- WHAT IS NEEDED
Copy exactly the lines from the beginning of the data down to and including the line holding "Designer: Uwe Wieser", without any pictures.

Source data:
Segment Open
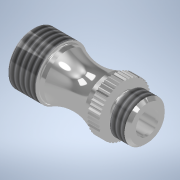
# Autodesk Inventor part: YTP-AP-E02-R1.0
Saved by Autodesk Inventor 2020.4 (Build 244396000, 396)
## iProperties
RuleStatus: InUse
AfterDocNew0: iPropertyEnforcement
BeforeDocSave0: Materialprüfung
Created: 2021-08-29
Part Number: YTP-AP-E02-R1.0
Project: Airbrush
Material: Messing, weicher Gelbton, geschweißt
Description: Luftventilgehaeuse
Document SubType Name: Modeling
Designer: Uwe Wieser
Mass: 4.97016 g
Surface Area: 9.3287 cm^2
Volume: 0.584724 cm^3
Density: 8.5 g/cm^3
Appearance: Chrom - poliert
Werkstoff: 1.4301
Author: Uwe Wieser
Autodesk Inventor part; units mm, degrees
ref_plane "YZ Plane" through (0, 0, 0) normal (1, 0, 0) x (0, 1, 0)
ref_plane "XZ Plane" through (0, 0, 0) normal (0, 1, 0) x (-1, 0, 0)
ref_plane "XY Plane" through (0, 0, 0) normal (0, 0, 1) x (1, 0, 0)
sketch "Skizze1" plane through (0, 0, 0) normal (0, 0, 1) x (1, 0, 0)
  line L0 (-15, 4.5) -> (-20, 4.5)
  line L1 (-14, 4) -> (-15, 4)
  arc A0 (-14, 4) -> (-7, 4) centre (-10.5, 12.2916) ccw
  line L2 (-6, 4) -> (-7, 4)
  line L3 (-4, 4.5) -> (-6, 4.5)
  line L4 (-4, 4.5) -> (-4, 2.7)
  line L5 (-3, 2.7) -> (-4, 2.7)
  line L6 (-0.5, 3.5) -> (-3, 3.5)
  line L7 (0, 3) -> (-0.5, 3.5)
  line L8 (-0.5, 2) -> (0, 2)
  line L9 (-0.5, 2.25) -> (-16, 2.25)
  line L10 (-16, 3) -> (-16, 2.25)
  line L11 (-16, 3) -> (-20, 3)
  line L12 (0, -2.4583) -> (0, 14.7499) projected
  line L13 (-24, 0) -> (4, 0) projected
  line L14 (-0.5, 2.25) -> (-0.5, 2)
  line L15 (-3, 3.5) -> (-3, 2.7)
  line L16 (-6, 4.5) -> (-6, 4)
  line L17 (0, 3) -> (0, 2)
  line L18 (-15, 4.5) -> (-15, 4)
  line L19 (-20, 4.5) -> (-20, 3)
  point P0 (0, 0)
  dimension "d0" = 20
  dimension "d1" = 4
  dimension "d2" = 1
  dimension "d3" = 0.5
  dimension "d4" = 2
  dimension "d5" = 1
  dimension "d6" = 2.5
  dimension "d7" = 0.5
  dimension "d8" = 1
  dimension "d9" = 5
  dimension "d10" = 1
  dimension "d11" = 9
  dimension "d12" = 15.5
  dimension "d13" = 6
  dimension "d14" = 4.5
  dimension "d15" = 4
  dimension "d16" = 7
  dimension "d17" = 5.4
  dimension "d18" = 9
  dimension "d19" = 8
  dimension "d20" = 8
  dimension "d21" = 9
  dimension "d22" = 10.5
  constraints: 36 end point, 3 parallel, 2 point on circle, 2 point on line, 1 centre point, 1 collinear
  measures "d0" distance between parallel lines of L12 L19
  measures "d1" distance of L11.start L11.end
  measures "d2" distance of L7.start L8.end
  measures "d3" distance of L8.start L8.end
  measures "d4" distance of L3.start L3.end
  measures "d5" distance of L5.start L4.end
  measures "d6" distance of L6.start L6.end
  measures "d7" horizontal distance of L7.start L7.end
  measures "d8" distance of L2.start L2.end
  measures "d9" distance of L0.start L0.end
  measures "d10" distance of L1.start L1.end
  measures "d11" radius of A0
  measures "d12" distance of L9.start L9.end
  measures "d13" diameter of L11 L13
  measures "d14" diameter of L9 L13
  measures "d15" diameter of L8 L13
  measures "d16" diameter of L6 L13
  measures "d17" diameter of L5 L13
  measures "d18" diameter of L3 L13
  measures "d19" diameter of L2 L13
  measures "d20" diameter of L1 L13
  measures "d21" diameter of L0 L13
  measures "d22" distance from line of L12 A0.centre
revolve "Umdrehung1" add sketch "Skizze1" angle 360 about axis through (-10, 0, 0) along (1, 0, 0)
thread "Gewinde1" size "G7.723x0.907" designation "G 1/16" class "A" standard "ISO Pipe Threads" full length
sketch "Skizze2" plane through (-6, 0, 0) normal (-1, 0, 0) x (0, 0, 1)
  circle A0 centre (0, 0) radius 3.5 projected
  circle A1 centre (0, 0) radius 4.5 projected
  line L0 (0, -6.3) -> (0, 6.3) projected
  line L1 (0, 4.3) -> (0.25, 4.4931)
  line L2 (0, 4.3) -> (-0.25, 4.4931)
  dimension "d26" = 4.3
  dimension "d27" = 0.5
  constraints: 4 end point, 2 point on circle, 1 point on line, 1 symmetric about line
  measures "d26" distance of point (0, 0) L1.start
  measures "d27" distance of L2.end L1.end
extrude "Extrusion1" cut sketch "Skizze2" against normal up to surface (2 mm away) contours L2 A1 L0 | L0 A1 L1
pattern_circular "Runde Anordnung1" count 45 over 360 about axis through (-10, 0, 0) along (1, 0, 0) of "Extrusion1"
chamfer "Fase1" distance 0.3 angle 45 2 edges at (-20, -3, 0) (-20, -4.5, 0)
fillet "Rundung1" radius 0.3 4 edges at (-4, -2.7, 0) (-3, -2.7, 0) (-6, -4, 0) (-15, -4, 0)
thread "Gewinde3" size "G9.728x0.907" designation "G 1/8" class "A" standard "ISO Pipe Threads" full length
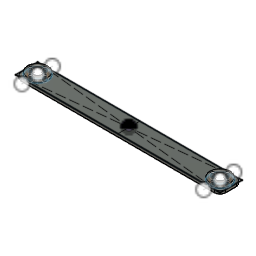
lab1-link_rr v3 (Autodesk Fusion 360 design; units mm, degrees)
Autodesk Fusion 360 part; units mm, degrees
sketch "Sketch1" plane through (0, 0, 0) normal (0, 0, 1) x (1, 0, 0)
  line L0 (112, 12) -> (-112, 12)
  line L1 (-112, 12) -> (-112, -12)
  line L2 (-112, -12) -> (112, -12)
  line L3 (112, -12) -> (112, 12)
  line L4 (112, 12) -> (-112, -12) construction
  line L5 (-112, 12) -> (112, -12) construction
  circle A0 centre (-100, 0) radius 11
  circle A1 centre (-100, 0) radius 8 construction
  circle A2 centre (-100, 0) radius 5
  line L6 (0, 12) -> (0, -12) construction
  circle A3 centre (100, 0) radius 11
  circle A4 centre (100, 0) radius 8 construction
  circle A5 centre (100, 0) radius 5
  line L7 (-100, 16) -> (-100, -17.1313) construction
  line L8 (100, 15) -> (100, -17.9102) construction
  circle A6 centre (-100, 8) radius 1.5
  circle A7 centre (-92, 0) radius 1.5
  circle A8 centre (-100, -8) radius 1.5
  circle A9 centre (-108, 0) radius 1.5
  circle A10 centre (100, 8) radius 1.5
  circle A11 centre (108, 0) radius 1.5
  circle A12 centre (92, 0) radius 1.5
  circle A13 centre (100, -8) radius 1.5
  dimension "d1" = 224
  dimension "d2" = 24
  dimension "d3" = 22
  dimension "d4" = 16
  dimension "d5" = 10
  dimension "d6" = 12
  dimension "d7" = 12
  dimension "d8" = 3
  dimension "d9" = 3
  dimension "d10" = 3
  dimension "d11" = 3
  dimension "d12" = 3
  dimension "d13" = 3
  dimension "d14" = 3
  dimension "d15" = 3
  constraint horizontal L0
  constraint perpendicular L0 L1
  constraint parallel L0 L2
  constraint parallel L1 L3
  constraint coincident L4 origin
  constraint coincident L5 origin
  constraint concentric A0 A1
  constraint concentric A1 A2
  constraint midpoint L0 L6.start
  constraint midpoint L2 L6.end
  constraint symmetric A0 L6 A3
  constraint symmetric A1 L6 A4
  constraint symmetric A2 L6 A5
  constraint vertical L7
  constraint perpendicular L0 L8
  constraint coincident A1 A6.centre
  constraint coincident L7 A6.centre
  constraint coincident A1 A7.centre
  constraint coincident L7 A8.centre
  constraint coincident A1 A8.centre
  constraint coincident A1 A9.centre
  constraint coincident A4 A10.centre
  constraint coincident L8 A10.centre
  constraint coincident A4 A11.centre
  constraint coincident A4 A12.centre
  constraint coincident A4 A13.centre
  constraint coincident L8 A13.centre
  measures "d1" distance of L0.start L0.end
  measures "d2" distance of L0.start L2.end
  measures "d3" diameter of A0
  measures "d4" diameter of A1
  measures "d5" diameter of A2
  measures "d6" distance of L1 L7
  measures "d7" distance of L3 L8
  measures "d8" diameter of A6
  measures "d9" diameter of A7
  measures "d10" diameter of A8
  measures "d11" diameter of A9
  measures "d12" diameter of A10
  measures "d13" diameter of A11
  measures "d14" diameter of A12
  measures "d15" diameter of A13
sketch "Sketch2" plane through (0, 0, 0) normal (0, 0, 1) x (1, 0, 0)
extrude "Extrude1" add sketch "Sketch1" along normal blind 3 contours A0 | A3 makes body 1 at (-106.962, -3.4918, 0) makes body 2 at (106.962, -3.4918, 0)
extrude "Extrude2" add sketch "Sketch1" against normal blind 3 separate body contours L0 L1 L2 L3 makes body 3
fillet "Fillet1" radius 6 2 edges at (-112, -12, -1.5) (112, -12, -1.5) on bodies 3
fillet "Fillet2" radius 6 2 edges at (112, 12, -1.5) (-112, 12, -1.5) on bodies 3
Segment Closed
- EXPECTED ANSWER
# Autodesk Inventor part: YTP-AP-E02-R1.0
Saved by Autodesk Inventor 2020.4 (Build 244396000, 396)
## iProperties
RuleStatus: InUse
AfterDocNew0: iPropertyEnforcement
BeforeDocSave0: Materialprüfung
Created: 2021-08-29
Part Number: YTP-AP-E02-R1.0
Project: Airbrush
Material: Messing, weicher Gelbton, geschweißt
Description: Luftventilgehaeuse
Document SubType Name: Modeling
Designer: Uwe Wieser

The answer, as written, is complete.